**Problem requirements:** All lines ahead of the one containing "#174=ADVANCED_FACE('F245',(#173),#157,.F.);" are to be left out; that line and each one after it, through the end of the records below, are to be duplicated exactly.

**Data section:**

···

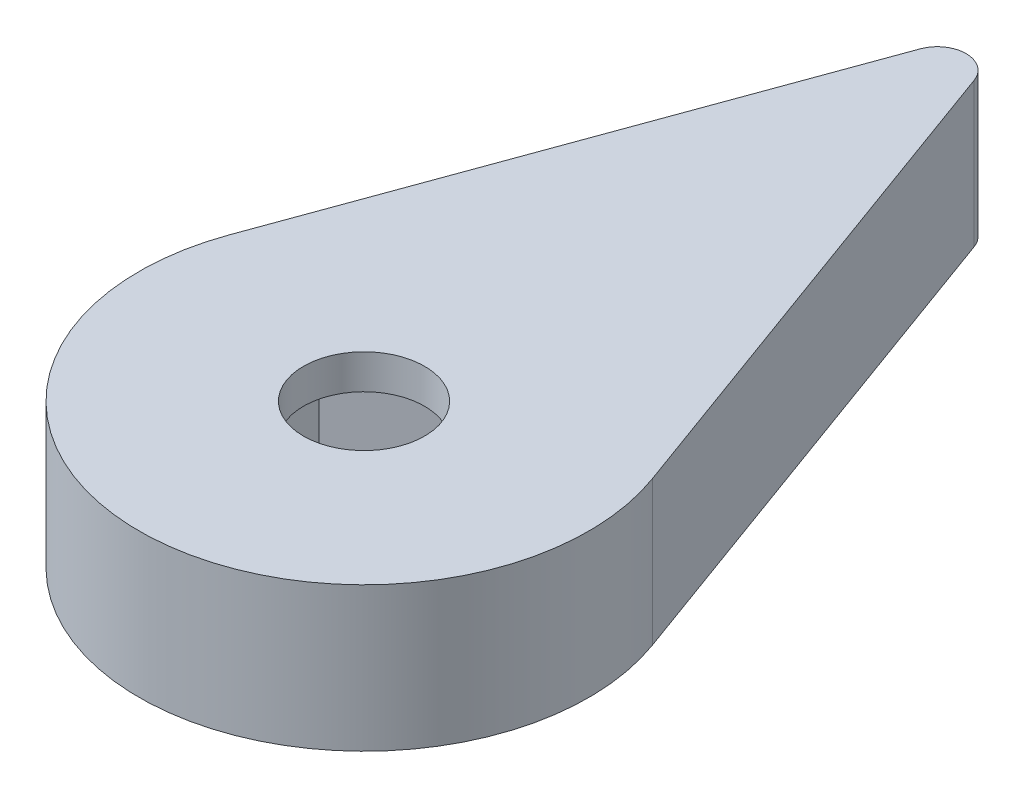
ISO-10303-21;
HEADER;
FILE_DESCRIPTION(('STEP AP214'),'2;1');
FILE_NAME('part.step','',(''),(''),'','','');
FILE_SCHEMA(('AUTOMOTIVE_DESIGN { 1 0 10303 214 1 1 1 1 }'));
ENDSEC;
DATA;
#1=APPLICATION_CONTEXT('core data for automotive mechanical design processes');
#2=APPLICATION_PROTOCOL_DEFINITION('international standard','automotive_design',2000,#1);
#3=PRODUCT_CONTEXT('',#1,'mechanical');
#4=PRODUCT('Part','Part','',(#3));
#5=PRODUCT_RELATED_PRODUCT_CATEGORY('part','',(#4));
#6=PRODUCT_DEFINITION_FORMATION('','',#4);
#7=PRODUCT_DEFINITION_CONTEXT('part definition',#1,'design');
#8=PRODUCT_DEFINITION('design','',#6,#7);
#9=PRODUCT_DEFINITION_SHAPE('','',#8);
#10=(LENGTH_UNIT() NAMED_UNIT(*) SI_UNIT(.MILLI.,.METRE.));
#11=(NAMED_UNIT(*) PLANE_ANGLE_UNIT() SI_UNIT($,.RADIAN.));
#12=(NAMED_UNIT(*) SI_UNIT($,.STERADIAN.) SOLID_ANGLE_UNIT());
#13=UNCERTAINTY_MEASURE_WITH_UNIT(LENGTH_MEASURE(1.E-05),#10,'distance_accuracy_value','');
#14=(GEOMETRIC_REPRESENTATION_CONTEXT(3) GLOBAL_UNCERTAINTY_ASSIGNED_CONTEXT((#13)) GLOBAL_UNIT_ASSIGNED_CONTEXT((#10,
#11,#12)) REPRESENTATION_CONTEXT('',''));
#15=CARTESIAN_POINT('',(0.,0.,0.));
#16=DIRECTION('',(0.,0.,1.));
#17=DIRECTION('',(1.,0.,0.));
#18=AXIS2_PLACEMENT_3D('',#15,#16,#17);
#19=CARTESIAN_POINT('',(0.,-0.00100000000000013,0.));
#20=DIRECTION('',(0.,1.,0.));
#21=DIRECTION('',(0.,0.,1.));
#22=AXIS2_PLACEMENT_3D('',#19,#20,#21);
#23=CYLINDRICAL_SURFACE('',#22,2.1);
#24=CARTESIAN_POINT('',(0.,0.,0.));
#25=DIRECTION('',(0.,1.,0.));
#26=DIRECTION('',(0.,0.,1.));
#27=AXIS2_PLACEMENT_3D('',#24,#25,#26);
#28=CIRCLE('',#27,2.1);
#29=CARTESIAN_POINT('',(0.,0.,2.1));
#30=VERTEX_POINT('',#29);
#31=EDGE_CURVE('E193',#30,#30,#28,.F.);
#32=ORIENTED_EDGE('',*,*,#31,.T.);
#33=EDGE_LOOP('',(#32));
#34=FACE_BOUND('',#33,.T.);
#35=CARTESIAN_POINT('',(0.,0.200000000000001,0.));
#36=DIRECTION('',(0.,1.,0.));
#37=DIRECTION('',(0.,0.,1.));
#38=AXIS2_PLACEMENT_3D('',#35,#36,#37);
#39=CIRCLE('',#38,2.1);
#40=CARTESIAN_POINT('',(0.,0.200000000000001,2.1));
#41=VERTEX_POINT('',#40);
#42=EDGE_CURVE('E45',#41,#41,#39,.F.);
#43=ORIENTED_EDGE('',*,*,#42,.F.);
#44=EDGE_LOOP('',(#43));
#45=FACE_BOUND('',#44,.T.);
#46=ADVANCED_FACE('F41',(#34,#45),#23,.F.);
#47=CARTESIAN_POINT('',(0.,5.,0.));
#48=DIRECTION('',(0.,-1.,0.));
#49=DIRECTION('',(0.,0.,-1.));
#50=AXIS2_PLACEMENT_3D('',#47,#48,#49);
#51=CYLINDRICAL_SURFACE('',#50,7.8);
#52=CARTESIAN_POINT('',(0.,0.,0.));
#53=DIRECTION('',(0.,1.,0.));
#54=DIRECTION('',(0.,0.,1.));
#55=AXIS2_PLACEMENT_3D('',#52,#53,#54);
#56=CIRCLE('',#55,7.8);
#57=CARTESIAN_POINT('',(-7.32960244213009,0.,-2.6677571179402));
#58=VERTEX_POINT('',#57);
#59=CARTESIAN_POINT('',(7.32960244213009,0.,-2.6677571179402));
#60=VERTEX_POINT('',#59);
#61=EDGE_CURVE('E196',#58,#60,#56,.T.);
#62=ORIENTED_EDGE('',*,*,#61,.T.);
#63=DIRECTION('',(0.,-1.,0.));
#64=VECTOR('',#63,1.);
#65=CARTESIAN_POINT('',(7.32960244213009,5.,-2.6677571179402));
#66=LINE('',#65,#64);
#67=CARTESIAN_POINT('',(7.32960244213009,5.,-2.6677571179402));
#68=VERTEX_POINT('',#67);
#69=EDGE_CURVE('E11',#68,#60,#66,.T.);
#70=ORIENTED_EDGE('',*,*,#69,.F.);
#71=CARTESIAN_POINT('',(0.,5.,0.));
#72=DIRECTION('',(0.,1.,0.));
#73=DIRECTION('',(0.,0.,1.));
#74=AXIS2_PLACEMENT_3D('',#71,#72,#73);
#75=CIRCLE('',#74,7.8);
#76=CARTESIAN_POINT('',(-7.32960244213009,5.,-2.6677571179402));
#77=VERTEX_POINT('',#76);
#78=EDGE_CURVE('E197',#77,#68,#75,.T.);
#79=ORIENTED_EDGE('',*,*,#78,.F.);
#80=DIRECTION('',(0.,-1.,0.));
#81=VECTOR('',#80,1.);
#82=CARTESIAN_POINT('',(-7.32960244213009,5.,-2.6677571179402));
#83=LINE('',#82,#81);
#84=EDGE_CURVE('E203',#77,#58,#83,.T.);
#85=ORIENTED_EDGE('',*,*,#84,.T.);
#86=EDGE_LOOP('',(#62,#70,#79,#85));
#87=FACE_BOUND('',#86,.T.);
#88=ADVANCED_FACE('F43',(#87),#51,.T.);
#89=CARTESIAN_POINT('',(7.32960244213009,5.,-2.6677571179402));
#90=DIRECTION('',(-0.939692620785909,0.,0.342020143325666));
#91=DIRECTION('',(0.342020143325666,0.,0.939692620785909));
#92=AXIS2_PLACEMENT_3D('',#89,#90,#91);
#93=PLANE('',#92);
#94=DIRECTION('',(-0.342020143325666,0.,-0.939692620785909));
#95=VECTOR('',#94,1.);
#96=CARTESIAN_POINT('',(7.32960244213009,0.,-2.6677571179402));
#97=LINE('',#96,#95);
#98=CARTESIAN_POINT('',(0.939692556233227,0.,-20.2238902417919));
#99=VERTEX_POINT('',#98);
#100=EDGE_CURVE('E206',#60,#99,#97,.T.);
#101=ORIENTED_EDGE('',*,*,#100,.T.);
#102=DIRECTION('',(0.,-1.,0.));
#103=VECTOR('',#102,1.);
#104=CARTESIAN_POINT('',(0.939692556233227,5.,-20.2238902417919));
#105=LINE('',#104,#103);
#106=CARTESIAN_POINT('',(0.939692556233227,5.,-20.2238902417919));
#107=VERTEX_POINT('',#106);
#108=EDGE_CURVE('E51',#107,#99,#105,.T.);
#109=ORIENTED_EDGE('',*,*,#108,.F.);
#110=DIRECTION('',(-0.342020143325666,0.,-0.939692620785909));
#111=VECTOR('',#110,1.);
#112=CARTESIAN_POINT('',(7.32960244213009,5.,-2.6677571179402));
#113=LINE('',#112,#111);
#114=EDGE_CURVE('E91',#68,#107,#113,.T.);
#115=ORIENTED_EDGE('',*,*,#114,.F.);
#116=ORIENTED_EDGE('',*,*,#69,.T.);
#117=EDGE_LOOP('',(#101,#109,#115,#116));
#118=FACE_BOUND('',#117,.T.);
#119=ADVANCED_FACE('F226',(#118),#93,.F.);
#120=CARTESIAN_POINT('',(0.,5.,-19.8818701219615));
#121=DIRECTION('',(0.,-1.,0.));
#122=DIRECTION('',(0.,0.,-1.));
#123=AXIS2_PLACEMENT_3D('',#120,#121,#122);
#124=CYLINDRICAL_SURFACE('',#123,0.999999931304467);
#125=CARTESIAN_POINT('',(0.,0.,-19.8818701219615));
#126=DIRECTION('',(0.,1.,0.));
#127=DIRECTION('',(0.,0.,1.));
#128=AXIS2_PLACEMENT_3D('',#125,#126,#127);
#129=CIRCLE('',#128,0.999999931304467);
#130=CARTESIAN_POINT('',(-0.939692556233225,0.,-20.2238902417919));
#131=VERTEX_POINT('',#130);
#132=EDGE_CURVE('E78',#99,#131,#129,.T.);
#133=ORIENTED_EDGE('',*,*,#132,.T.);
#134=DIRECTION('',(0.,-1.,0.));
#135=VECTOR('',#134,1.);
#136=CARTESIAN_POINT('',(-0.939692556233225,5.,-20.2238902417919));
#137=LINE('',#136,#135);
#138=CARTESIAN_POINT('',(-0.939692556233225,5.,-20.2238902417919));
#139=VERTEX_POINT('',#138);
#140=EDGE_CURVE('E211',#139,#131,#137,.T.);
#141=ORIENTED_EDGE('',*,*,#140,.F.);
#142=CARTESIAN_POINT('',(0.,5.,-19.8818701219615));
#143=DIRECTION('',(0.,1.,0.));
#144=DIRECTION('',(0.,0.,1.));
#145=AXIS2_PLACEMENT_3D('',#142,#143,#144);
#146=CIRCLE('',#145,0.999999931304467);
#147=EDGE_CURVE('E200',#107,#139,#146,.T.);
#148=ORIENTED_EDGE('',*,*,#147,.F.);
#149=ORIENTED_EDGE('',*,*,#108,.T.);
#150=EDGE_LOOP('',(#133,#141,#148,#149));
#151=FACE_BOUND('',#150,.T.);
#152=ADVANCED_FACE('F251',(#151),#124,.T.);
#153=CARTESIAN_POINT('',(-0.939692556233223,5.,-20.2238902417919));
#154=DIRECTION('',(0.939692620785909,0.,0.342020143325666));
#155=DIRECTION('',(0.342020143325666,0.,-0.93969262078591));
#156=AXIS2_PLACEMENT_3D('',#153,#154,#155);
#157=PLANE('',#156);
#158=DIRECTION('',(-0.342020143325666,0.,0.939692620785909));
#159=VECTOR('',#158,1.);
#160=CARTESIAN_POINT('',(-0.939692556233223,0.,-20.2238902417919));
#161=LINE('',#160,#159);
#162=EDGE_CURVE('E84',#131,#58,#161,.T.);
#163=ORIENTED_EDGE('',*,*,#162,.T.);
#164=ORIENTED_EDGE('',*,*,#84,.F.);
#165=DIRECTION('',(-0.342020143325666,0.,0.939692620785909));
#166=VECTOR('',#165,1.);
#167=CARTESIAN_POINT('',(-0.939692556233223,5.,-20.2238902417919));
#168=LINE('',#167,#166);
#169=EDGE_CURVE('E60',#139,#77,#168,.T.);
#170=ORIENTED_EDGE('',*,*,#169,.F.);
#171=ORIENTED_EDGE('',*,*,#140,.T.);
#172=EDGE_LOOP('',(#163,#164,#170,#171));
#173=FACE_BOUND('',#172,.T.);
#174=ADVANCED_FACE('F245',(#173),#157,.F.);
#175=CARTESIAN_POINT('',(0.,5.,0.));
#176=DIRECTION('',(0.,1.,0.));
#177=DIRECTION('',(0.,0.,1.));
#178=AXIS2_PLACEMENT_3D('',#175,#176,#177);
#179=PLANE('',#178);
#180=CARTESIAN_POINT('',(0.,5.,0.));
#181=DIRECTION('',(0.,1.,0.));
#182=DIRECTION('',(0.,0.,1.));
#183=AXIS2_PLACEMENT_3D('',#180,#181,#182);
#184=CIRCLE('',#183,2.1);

···

**Solution to the exercise:**
#174=ADVANCED_FACE('F245',(#173),#157,.F.);
#175=CARTESIAN_POINT('',(0.,5.,0.));
#176=DIRECTION('',(0.,1.,0.));
#177=DIRECTION('',(0.,0.,1.));
#178=AXIS2_PLACEMENT_3D('',#175,#176,#177);
#179=PLANE('',#178);
#180=CARTESIAN_POINT('',(0.,5.,0.));
#181=DIRECTION('',(0.,1.,0.));
#182=DIRECTION('',(0.,0.,1.));
#183=AXIS2_PLACEMENT_3D('',#180,#181,#182);
#184=CIRCLE('',#183,2.1);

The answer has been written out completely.